_Records for this exercise_
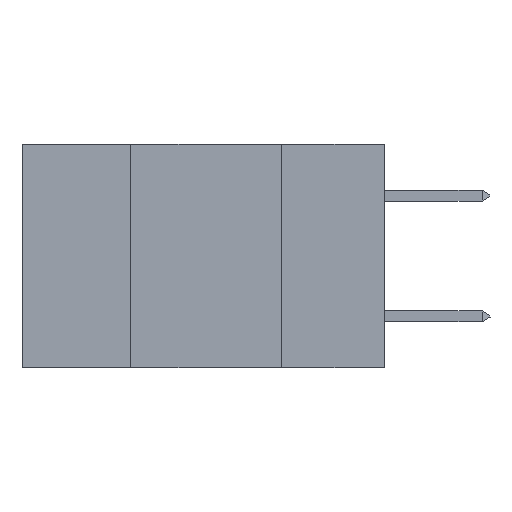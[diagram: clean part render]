
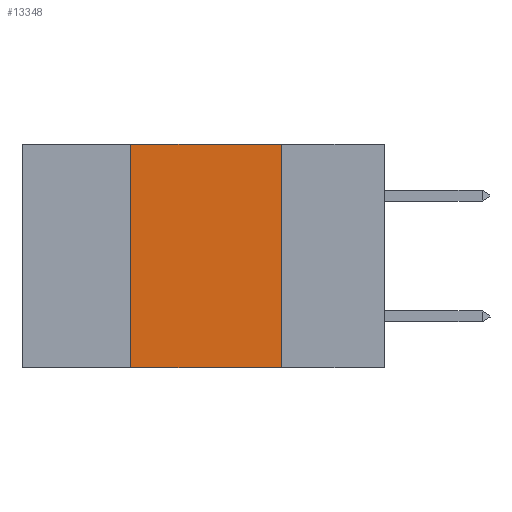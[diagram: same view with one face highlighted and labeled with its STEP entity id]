
A CAD part, left-side view. The second image highlights one B-rep face of the part: STEP entity #13348.
In plain terms, the highlighted planar face has unit normal (-1, 0, 0).
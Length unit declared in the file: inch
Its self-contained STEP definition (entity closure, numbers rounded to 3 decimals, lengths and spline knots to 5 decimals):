
#181 = PLANE ( 'NONE',  #9423 ) ;
#1136 = ORIENTED_EDGE ( 'NONE', *, *, #3717, .F. ) ;
#1699 = LINE ( 'NONE', #34331, #37374 ) ;
#2186 = DIRECTION ( 'NONE',  ( 0., -1., 0. ) ) ;
#3094 = CARTESIAN_POINT ( 'NONE',  ( 0., 0.6, 0. ) ) ;
#3717 = EDGE_CURVE ( 'NONE', #31995, #13374, #38013, .T. ) ;
#6102 = LINE ( 'NONE', #29175, #32376 ) ;
#6930 = CARTESIAN_POINT ( 'NONE',  ( 0., 0.42, 0. ) ) ;
#8206 = ORIENTED_EDGE ( 'NONE', *, *, #20218, .F. ) ;
#8542 = CARTESIAN_POINT ( 'NONE',  ( 0., 0.17, 0. ) ) ;
#9423 = AXIS2_PLACEMENT_3D ( 'NONE', #3094, #15846, #40904 ) ;
#9840 = DIRECTION ( 'NONE',  ( 0., -1., 0. ) ) ;
#13308 = EDGE_LOOP ( 'NONE', ( #8206, #1136, #24518, #14792 ) ) ;
#13341 = DIRECTION ( 'NONE',  ( 0., 0., 1. ) ) ;
#13348 = ADVANCED_FACE ( 'NONE', ( #36981 ), #181, .F. ) ;
#13374 = VERTEX_POINT ( 'NONE', #8542 ) ;
#14792 = ORIENTED_EDGE ( 'NONE', *, *, #31888, .T. ) ;
#15846 = DIRECTION ( 'NONE',  ( 1., 0., 0. ) ) ;
#16424 = CARTESIAN_POINT ( 'NONE',  ( 0., 0.42, 0. ) ) ;
#18835 = DIRECTION ( 'NONE',  ( 0., 0., -1. ) ) ;
#20218 = EDGE_CURVE ( 'NONE', #13374, #24116, #1699, .T. ) ;
#24116 = VERTEX_POINT ( 'NONE', #39841 ) ;
#24518 = ORIENTED_EDGE ( 'NONE', *, *, #27683, .F. ) ;
#26694 = CARTESIAN_POINT ( 'NONE',  ( 0., 0.42, -0.37 ) ) ;
#27595 = LINE ( 'NONE', #16424, #39075 ) ;
#27683 = EDGE_CURVE ( 'NONE', #34438, #31995, #27595, .T. ) ;
#29175 = CARTESIAN_POINT ( 'NONE',  ( 0., 0.6, -0.37 ) ) ;
#31888 = EDGE_CURVE ( 'NONE', #34438, #24116, #6102, .T. ) ;
#31995 = VERTEX_POINT ( 'NONE', #6930 ) ;
#32376 = VECTOR ( 'NONE', #9840, 39.37008 ) ;
#34331 = CARTESIAN_POINT ( 'NONE',  ( 0., 0.17, 0. ) ) ;
#34438 = VERTEX_POINT ( 'NONE', #26694 ) ;
#36563 = VECTOR ( 'NONE', #2186, 39.37008 ) ;
#36981 = FACE_OUTER_BOUND ( 'NONE', #13308, .T. ) ;
#37214 = CARTESIAN_POINT ( 'NONE',  ( 0., 0.6, 0. ) ) ;
#37374 = VECTOR ( 'NONE', #18835, 39.37008 ) ;
#38013 = LINE ( 'NONE', #37214, #36563 ) ;
#39075 = VECTOR ( 'NONE', #13341, 39.37008 ) ;
#39841 = CARTESIAN_POINT ( 'NONE',  ( 0., 0.17, -0.37 ) ) ;
#40904 = DIRECTION ( 'NONE',  ( 0., 0., -1. ) ) ;

_Task_
Would you please write out, exactly and with no other lines, the stretch of the listing above from the line containing "#31888 = EDGE_CURVE" through the line containing "#39075 = VECTOR"?

_Solution_
#31888 = EDGE_CURVE ( 'NONE', #34438, #24116, #6102, .T. ) ;
#31995 = VERTEX_POINT ( 'NONE', #6930 ) ;
#32376 = VECTOR ( 'NONE', #9840, 39.37008 ) ;
#34331 = CARTESIAN_POINT ( 'NONE',  ( 0., 0.17, 0. ) ) ;
#34438 = VERTEX_POINT ( 'NONE', #26694 ) ;
#36563 = VECTOR ( 'NONE', #2186, 39.37008 ) ;
#36981 = FACE_OUTER_BOUND ( 'NONE', #13308, .T. ) ;
#37214 = CARTESIAN_POINT ( 'NONE',  ( 0., 0.6, 0. ) ) ;
#37374 = VECTOR ( 'NONE', #18835, 39.37008 ) ;
#38013 = LINE ( 'NONE', #37214, #36563 ) ;
#39075 = VECTOR ( 'NONE', #13341, 39.37008 ) ;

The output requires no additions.